In his letter to the Galatian church, Paul writes at length about the nature of faith, exhorting an audience facing a very different crisis. The Galatian believers fell victim to religious legalists—including the Apostle Peter, here addressed as Cephas—who demanded that the Gentile Christians be circumcised in accordance with Jewish law. Paul refutes that command, writing that “a person is not justified by observing the law, but by faith in Jesus Christ.”

But Paul goes much further: “The life I now live in the body, I live by faith in the Son of God, who loved me and gave himself for me.” Like Anatomy of a Fall, Paul contrasts the life of faith with a very different, though still impersonal, law. The French court system is too abstracted to bring any true sense of relational justice for Daniel. Likewise, following the Jewish laws could never bring about the intimate love that is encountered through faith in Jesus Christ.

Continuing the parallel with Daniel’s journey, this sort of faith is no single blaze of decisiveness. Paul was vexed by such an oversimplification: “After beginning by means of the Spirit, are you now trying to finish by means of the flesh?” Further in his letter, Paul notes that faith frees us from the law, makes us children of God, and disintegrates worldly barriers, all through the Spirit who empowers us to serve one another in love.

Paul offers a complex, irreducible portrait, but some things become clear: Faith is rooted in relationship. It is continuous, turning a singular act into intentional practice. It begins as belief, but transforms into action. It is the very medium of the new life we have in Christ.

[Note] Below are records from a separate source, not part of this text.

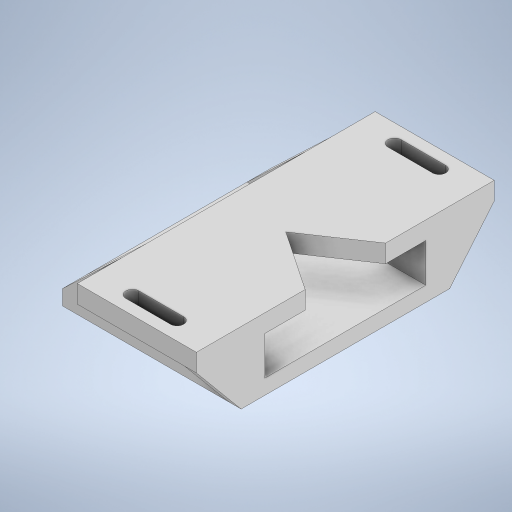
# Autodesk Inventor part: soporte infe
Saved by Autodesk Inventor 2024 (Build 280153000, 153)
## iProperties
Created: 2024-04-18
Part Number: soporte infe
Material: Generic
Document SubType Name: Modeling
Designer: compu
Density: 1 g/cm^3
Appearance: Default
Author: compu
Autodesk Inventor part; units mm, degrees
ref_plane "YZ Plane" through (0, 0, 0) normal (1, 0, 0) x (0, 1, 0)
ref_plane "XZ Plane" through (0, 0, 0) normal (0, 1, 0) x (-1, 0, 0)
ref_plane "XY Plane" through (0, 0, 0) normal (0, 0, 1) x (1, 0, 0)
sketch "Sketch1" plane through (0, 0, 0) normal (0, 1, 0) x (-1, 0, 0)
  line L0 (8, 0) -> (-48, 0) projected
  line L1 (0, -70) -> (0, 70) projected
  line L2 (-40, 50) -> (0, 50)
  line L3 (0, 50) -> (0, -50)
  line L4 (0, -50) -> (-40, -50)
  line L5 (-40, -50) -> (-40, 50)
  point P0 (0, 0)
  point P1 (0, 50)
  dimension "d0" = 40
  dimension "d1" = 100
  constraints: 8 end point, 2 parallel, 1 collinear, 1 horizontal, 1 perpendicular, 1 other
  measures "d0" distance of L3.end L4.end
  measures "d1" distance of L2.end L3.end
extrude "Extrusion1" add sketch "Sketch1" against normal blind 6
sketch "Sketch2" plane through (0, -6, 0) normal (0, -1, 0) x (1, 0, 0)
  line L0 (0, -50) -> (40, -50) projected
  line L1 (40, -50) -> (40, 50) projected
  line L2 (40, 50) -> (0, 50) projected
  line L3 (0, 50) -> (0, -50) projected
  line L4 (40, 35) -> (0, 35)
  line L5 (40, -50) -> (40, 50) projected
  line L6 (40, -35) -> (0, -35)
  line L7 (40, 27) -> (0, 27)
  line L8 (40, -27) -> (0, -27)
  point P0 (0, 0)
  dimension "d4" = 15
  dimension "d5" = 15
  dimension "d6" = 8
  dimension "d7" = 8
  constraints: 8 end point, 8 point on line, 4 perpendicular
  measures "d4" distance between parallel lines of L2 L4
  measures "d5" distance between parallel lines of L0 L6
  measures "d6" distance between parallel lines of L4 L7
  measures "d7" distance between parallel lines of L6 L8
extrude "Extrusion2" add sketch "Sketch2" along normal blind 18 contours L3 L8 L1 L6 | L3 L4 L1 L7
sketch "Sketch3" plane through (0, 0, 0) normal (0, 1, 0) x (1, 0, 0)
  line L0 (40, 50) -> (0, 50) projected
  line L1 (0, 50) -> (0, -50) projected
  line L2 (0, -50) -> (40, -50) projected
  line L3 (40, -50) -> (40, 50) projected
  line L4 (0, -44) -> (40, -44) construction
  arc A0 (12.5, -41.8) -> (12.5, -46.2) centre (12.5, -44) ccw
  arc A1 (27.5, -46.2) -> (27.5, -41.8) centre (27.5, -44) ccw
  line L5 (12.5, -41.8) -> (27.5, -41.8)
  line L6 (12.5, -46.2) -> (27.5, -46.2)
  line L7 (-8, 0) -> (48, 0) projected
  arc A2 (12.5, 46.2) -> (12.5, 41.8) centre (12.5, 44) ccw
  arc A3 (27.5, 41.8) -> (27.5, 46.2) centre (27.5, 44) ccw
  line L8 (12.5, 41.8) -> (27.5, 41.8)
  line L9 (12.5, 46.2) -> (27.5, 46.2)
  point P0 (0, 0)
  dimension "d10" = 6
  dimension "d11" = 4.4
  dimension "d12" = 4.4
  dimension "d13" = 15
  dimension "d14" = 12.5
  constraints: 10 end point, 8 point on circle, 6 symmetric about line, 4 centre point, 4 point on line, 2 horizontal, 2 tangent, 1 perpendicular, 2 other
  measures "d10" distance between parallel lines of L2 L4
  measures "d11" diameter of A0
  measures "d12" diameter of A1
  measures "d13" distance of A1.centre A0.centre
  measures "d14" distance from line of L3 A1.centre
extrude "Extrusion3" cut sketch "Sketch3" against normal blind 18 contours L5 A1 L6 A0 | L9 A3 L8 A2
sketch "Sketch4" plane through (0, -24, 0) normal (0, -1, 0) x (1, 0, 0)
  line L0 (40, 35) -> (-20, 35)
  line L1 (-20, 35) -> (-20, -35)
  line L2 (-20, -35) -> (40, -35)
  line L3 (40, -35) -> (40, 35)
  line L4 (40, 27) -> (40, 35) projected
  line L5 (40, 35) -> (0, 35) projected
  line L6 (0, 35) -> (0, 27) projected
  line L7 (0, 27) -> (40, 27) projected
  line L8 (0, -27) -> (0, -35) projected
  line L9 (0, -35) -> (40, -35) projected
  line L10 (40, -35) -> (40, -27) projected
  line L11 (40, -27) -> (0, -27) projected
  line L12 (40, 35) -> (0, 35) projected
  line L13 (0, -35) -> (40, -35) projected
  line L14 (40, -27) -> (40, 27) projected
  line L15 (40, -35) -> (40, -27) projected
  point P0 (0, 0)
  dimension "d18" = 20
  constraints: 8 end point, 3 collinear, 2 parallel, 1 horizontal, 1 perpendicular
  measures "d18" distance between parallel lines of L8 L1
extrude "Extrusion4" add sketch "Sketch4" against normal blind 5
sketch "Sketch5" plane through (0, 0, 0) normal (0, 1, 0) x (1, 0, 0)
  arc A0 (27.5, 41.8) -> (27.5, 46.2) centre (27.5, 44) ccw projected
  line L0 (27.5, 41.8) -> (12.5, 41.8) projected
  arc A1 (12.5, 46.2) -> (12.5, 41.8) centre (12.5, 44) ccw projected
  line L1 (12.5, 46.2) -> (27.5, 46.2) projected
  arc A2 (27.5, -46.2) -> (27.5, -41.8) centre (27.5, -44) ccw projected
  line L2 (27.5, -46.2) -> (12.5, -46.2) projected
  arc A3 (12.5, -41.8) -> (12.5, -46.2) centre (12.5, -44) ccw projected
  line L3 (12.5, -41.8) -> (27.5, -41.8) projected
  line L4 (40, 50) -> (0, 50) projected
  line L5 (0, 50) -> (0, -50) projected
  line L6 (0, -50) -> (40, -50) projected
  line L7 (40, -50) -> (40, 50) projected
  line L8 (-32, 0) -> (52, 0) projected
  line L9 (40, -27) -> (0, -27) projected
  line L10 (0, 27) -> (40, 27) projected
  line L11 (40, -27) -> (40, 0) construction
  line L12 (40, 27) -> (40, 0) construction
  line L13 (40, -13.5) -> (20, 0)
  line L14 (20, 0) -> (40, 13.5)
  line L15 (40, -13.5) -> (46.5752, -13.5)
  line L16 (46.5752, -13.5) -> (46.5752, 13.5)
  line L17 (46.5752, 13.5) -> (40, 13.5)
  point P0 (0, 0)
  dimension "d21" = 20
  constraints: 14 end point, 3 midpoint, 3 perpendicular, 2 point on line, 1 horizontal
  measures "d21" distance from line of L5 L13.end
extrude "Extrusion5" cut sketch "Sketch5" against normal up to surface (19 mm away) contours L17 L16 L8 L7 | L7 L8 L14 | L8 L16 L15 L7 | L7 L13 L8
sketch "Sketch6" plane through (40, -6, 50) normal (1, 0, 0) x (0, 0, -1)
  line L0 (36.5, 0) -> (36.5, 6) projected
  line L1 (0, 6) -> (36.5, 6) projected
  line L2 (0, 6) -> (0, 0) projected
  line L3 (15, 0) -> (0, 0) projected
  line L4 (15, 0) -> (15, -18) projected
  line L5 (85, -18) -> (15, -18) projected
  line L6 (85, 0) -> (85, -18) projected
  line L7 (100, 0) -> (85, 0) projected
  line L8 (100, 6) -> (100, 0) projected
  line L9 (63.5, 6) -> (100, 6) projected
  line L10 (63.5, 6) -> (63.5, 0) projected
  line L11 (77, 0) -> (63.5, 0) projected
  line L12 (77, 0) -> (77, -13) projected
  line L13 (23, -13) -> (77, -13) projected
  line L14 (23, 0) -> (23, -13) projected
  line L15 (36.5, 0) -> (23, 0) projected
  line L16 (100, 0) -> (85, -18)
  line L17 (85, 0) -> (85, -18)
  line L18 (100, 0) -> (85, 0)
  line L19 (0, 0) -> (15, 0)
  line L20 (3.8, 6) -> (3.8, 0) projected
  line L21 (15, -18) -> (15, 0)
  line L22 (0, 0) -> (15, -18)
  point P0 (50, 6)
  constraints: 12 end point, 2 collinear, 2 perpendicular
extrude "Extrusion6" add sketch "Sketch6" against normal blind 4 contours L3 L4 L22 | L6 L7 L16
sketch "Sketch7" plane through (-20, -19, 35) normal (0, 0, 1) x (1, 0, 0)
  line L0 (20, 19) -> (60, 19) projected
  line L1 (20, 19) -> (20, 13) projected
  line L2 (56, 13) -> (20, 13) projected
  line L3 (60, 13) -> (56, 13) projected
  line L4 (60, 19) -> (60, 13) projected
  line L5 (56, -5) -> (56, 13) projected
  line L6 (20, 13) -> (56, 13) projected
  line L7 (20, 13) -> (20, 0) projected
  line L8 (0, 0) -> (20, 0) projected
  line L9 (0, -5) -> (0, 0) projected
  line L10 (56, -5) -> (0, -5) projected
  line L11 (60, 19) -> (20, 19) projected
  line L12 (20, 19) -> (0, 0)
  line L13 (20, 0) -> (20, 19)
  line L14 (0, 0) -> (20, 0)
  constraints: 6 end point, 1 collinear, 1 perpendicular
extrude "Extrusion7" add sketch "Sketch7" against normal blind 8 contours L1 L7 L8 L12
sketch "Sketch8" plane through (0, -19, -35) normal (0, 0, -1) x (-1, 0, 0)
  line L0 (0, 19) -> (-40, 19) projected
  line L1 (0, 19) -> (0, 13) projected
  line L2 (-36, 13) -> (0, 13) projected
  line L3 (-40, 13) -> (-36, 13) projected
  line L4 (-40, 19) -> (-40, 13) projected
  line L5 (-36, -5) -> (-36, 13) projected
  line L6 (0, 13) -> (-36, 13) projected
  line L7 (0, 19) -> (0, 13) projected
  line L8 (0, 19) -> (20, 0) projected
  line L9 (20, -5) -> (20, 0) projected
  line L10 (-36, -5) -> (20, -5) projected
  line L11 (0, 19) -> (20, 0)
  line L12 (20, 0) -> (-40, 0) projected
  line L13 (0, 0) -> (0, 19)
  line L14 (20, 0) -> (0, 0)
  point P0 (0, 19)
  constraints: 6 end point, 2 collinear, 1 point on line
extrude "Extrusion8" add sketch "Sketch8" against normal blind 8 contours L8 L12 L13 L1
body "Solid1"

There’s a furtive reflection on these intricacies of faith within Anatomy of a Fall. Daniel’s act to decide—to have faith—is relational. It transfigures his life into something new, reshaping all his days to come. May we, like Daniel, allow faith to be more than a thin veil. May we allow a truer faith to transform and define our lives. In Zero at the Bone, poet Christian Wiman writes that “every life is an answer to this question [of faith].” In the face of his unanswerable question, Daniel’s very life becomes the answer he seeks. May ours do the same—may this life we now live in the body be lived by faith in Christ.